• _Task prompt_
Your answer should be every line with the word "linetype", copied from the data below.

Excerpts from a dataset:
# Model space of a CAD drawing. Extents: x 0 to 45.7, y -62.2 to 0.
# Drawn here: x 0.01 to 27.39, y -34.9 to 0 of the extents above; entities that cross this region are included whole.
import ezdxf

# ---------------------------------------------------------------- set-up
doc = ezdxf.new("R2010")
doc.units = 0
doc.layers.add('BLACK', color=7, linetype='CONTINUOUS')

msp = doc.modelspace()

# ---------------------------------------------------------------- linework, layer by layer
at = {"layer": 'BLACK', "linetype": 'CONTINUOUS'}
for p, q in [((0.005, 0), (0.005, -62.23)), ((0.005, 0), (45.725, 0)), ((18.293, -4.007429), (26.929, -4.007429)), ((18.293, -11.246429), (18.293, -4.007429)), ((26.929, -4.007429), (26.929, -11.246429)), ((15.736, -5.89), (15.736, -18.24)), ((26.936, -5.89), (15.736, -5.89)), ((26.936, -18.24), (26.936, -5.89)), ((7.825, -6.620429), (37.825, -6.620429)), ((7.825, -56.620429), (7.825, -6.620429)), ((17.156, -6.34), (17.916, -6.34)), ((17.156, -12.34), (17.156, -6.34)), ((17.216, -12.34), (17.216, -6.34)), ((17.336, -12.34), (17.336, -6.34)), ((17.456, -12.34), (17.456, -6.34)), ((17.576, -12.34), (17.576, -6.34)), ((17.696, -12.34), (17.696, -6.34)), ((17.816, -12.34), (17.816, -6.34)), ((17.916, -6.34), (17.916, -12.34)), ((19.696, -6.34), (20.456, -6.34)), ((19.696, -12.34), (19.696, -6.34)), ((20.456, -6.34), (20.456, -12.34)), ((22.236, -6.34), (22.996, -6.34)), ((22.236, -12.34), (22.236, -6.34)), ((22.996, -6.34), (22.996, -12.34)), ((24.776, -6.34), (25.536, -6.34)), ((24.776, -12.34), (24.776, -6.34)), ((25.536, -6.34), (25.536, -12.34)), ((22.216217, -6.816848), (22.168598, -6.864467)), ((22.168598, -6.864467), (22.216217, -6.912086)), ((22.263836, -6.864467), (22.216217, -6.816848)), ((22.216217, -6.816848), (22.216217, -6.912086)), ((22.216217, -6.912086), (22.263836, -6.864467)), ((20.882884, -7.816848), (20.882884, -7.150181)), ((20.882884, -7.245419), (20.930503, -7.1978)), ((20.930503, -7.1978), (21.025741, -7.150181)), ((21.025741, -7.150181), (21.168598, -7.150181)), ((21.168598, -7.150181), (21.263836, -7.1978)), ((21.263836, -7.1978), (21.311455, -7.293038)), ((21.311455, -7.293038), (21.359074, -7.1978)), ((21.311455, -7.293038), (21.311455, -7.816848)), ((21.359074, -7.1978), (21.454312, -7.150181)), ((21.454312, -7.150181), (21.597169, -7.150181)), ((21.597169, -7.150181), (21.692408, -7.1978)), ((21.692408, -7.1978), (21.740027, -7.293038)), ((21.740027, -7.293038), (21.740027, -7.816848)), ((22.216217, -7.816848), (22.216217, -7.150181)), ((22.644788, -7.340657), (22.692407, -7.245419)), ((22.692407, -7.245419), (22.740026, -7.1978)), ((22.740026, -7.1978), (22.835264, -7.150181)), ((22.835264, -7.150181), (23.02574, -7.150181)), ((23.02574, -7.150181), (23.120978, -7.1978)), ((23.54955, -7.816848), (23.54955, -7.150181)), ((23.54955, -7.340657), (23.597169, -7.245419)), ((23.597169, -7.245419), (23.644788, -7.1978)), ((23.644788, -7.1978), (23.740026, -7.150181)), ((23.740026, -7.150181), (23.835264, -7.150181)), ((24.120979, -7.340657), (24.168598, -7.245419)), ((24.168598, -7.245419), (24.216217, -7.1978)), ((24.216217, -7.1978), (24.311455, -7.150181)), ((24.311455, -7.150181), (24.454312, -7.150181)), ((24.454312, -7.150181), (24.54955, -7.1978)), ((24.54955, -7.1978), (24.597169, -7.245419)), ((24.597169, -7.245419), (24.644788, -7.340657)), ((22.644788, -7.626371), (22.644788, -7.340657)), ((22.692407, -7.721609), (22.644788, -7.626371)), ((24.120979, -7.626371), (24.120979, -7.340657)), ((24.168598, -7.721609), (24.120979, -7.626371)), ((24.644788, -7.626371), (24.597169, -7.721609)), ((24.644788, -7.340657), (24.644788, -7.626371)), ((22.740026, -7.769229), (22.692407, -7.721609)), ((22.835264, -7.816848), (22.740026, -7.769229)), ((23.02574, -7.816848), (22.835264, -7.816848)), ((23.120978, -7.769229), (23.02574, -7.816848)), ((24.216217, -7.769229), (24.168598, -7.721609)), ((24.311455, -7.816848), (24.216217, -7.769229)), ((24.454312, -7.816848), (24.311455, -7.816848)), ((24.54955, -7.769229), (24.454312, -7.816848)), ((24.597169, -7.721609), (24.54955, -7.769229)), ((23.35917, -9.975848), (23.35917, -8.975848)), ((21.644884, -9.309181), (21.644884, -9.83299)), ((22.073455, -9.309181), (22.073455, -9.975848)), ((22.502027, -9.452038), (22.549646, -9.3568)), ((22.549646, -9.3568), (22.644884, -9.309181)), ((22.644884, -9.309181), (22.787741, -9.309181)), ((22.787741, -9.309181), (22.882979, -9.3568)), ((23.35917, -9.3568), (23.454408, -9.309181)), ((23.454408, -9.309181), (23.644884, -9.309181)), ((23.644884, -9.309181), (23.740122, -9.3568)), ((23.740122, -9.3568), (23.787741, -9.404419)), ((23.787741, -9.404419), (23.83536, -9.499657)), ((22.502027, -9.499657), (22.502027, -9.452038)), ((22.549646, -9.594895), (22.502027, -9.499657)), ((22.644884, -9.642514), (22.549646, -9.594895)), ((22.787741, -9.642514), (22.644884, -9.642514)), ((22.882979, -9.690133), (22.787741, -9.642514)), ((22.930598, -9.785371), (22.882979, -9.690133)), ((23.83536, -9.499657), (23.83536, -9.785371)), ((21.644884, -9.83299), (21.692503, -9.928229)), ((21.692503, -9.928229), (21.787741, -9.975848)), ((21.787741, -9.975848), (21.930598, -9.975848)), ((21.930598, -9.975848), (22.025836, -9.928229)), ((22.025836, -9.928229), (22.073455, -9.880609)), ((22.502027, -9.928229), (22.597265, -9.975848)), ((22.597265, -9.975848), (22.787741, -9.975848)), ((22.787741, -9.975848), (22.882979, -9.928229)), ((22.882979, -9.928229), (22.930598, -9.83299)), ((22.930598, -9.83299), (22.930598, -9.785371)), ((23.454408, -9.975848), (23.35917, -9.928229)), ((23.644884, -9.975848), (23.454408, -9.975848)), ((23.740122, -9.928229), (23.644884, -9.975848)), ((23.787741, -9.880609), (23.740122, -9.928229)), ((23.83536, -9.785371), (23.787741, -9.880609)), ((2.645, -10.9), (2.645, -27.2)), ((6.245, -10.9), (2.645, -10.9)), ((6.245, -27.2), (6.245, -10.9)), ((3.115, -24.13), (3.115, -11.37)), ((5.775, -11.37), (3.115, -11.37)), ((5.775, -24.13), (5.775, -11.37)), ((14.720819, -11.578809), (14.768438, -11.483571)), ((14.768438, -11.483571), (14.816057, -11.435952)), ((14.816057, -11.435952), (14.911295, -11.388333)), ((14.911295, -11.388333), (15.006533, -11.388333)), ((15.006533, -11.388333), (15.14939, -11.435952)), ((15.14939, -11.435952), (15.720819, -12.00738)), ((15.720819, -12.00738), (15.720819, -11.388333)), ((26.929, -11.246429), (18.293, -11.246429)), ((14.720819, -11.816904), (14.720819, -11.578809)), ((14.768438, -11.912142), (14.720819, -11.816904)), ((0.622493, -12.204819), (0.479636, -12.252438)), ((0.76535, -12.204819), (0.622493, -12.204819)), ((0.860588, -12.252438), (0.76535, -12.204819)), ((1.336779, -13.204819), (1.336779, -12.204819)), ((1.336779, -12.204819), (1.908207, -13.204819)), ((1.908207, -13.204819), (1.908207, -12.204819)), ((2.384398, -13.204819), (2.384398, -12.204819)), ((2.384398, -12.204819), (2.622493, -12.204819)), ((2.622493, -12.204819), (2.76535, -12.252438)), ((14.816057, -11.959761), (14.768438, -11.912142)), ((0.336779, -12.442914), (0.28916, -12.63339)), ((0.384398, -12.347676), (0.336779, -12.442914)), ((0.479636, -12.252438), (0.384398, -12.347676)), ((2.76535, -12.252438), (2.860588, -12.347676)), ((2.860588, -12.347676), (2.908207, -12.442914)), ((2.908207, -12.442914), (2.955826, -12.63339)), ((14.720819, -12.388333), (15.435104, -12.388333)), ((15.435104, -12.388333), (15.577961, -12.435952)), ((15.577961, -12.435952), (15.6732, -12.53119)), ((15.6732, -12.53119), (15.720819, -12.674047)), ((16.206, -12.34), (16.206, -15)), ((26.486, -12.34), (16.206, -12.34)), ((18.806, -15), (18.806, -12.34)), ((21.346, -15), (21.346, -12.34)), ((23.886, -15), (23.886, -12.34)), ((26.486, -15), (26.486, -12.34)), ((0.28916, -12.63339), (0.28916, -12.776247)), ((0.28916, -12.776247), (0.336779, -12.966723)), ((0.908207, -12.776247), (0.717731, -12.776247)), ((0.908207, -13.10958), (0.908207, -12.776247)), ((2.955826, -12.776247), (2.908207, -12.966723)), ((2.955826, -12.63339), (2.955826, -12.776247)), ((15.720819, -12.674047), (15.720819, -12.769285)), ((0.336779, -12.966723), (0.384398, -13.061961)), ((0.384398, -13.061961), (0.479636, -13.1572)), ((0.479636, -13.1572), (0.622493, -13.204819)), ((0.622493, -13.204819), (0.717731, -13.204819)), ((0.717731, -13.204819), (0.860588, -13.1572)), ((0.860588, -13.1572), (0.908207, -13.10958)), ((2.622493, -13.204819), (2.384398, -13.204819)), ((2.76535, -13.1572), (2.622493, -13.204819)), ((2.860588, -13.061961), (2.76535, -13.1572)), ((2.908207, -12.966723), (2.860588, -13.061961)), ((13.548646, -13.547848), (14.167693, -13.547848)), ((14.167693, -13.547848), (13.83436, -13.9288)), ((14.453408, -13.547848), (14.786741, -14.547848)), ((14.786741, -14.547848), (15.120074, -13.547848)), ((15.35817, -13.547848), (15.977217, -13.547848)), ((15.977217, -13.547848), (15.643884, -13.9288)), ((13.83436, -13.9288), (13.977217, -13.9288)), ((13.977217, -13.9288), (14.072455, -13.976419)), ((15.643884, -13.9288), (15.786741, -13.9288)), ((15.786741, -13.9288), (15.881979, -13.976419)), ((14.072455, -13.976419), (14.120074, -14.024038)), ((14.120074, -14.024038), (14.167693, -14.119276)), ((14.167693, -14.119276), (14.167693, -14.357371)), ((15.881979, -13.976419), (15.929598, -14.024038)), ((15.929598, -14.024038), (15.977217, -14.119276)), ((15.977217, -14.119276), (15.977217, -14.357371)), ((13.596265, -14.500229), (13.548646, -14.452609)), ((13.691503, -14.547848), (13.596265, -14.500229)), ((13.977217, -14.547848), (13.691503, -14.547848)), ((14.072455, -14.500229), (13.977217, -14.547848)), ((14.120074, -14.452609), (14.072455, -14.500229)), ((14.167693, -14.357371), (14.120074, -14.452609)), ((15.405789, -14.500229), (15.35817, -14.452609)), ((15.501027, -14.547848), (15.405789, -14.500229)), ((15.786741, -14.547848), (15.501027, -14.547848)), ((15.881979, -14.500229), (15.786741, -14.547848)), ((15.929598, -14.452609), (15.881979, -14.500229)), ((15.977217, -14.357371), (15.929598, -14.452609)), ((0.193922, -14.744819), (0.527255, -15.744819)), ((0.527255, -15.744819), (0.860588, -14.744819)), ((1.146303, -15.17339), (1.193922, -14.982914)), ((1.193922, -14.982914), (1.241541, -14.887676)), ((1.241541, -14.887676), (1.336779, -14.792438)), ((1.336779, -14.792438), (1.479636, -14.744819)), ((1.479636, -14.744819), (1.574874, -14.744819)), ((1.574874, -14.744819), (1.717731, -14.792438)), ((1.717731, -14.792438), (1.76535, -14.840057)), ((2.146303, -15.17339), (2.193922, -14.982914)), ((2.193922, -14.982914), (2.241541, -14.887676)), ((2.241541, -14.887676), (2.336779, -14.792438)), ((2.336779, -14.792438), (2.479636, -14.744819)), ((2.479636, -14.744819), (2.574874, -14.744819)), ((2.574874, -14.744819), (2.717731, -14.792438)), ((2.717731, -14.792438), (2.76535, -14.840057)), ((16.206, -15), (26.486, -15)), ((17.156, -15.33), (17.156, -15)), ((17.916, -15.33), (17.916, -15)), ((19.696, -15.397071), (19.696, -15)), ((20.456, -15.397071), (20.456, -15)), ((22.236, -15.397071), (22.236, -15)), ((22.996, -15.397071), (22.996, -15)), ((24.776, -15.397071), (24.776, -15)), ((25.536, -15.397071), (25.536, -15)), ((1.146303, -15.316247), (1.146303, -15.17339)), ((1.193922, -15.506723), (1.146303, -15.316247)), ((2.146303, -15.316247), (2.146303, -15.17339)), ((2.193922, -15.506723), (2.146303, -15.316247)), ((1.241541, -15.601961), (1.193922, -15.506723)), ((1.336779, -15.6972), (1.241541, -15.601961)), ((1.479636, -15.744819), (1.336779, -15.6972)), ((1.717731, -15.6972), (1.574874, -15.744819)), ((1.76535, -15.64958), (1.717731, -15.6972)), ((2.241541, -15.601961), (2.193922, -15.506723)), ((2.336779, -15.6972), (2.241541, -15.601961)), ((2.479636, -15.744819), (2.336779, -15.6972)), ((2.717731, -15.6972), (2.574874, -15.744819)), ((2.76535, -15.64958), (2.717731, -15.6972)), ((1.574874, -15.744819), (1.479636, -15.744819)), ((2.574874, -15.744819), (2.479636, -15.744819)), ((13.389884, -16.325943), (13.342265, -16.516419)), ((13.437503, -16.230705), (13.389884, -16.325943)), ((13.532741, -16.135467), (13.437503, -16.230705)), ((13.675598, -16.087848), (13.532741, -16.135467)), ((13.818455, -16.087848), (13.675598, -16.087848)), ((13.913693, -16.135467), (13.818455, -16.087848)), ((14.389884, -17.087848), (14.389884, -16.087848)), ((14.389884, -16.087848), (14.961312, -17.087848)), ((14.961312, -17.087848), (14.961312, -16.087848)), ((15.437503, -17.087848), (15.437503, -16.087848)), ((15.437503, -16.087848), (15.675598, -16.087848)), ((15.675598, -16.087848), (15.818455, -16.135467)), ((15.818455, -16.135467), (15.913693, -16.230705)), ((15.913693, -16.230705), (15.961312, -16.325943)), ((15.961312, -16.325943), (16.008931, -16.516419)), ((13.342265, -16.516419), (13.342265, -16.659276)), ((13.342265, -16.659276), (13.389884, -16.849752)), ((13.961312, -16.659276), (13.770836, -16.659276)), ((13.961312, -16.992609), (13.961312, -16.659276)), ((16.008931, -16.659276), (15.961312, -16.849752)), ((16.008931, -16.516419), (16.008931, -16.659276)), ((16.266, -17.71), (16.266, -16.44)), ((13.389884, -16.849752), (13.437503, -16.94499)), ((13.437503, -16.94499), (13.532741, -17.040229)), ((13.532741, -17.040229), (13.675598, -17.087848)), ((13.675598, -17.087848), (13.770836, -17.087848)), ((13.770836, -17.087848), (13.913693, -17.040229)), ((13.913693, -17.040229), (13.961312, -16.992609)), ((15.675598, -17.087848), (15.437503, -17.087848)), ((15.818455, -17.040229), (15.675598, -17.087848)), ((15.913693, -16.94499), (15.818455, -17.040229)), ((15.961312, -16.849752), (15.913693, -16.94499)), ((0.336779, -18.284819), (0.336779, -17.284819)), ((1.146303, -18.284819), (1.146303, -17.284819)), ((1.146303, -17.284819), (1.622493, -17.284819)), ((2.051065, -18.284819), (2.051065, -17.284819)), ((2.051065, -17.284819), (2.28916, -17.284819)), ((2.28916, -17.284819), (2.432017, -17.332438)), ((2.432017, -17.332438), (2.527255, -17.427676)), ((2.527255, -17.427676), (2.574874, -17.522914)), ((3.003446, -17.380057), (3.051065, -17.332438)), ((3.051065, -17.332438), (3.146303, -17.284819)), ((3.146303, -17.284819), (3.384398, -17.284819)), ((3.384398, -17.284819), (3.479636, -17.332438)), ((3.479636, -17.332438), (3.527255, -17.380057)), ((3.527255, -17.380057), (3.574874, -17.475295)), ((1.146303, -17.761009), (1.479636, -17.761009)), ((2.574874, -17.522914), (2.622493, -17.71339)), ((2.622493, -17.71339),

• _Reply to the task_
doc.layers.add('BLACK', color=7, linetype='CONTINUOUS')
at = {"layer": 'BLACK', "linetype": 'CONTINUOUS'}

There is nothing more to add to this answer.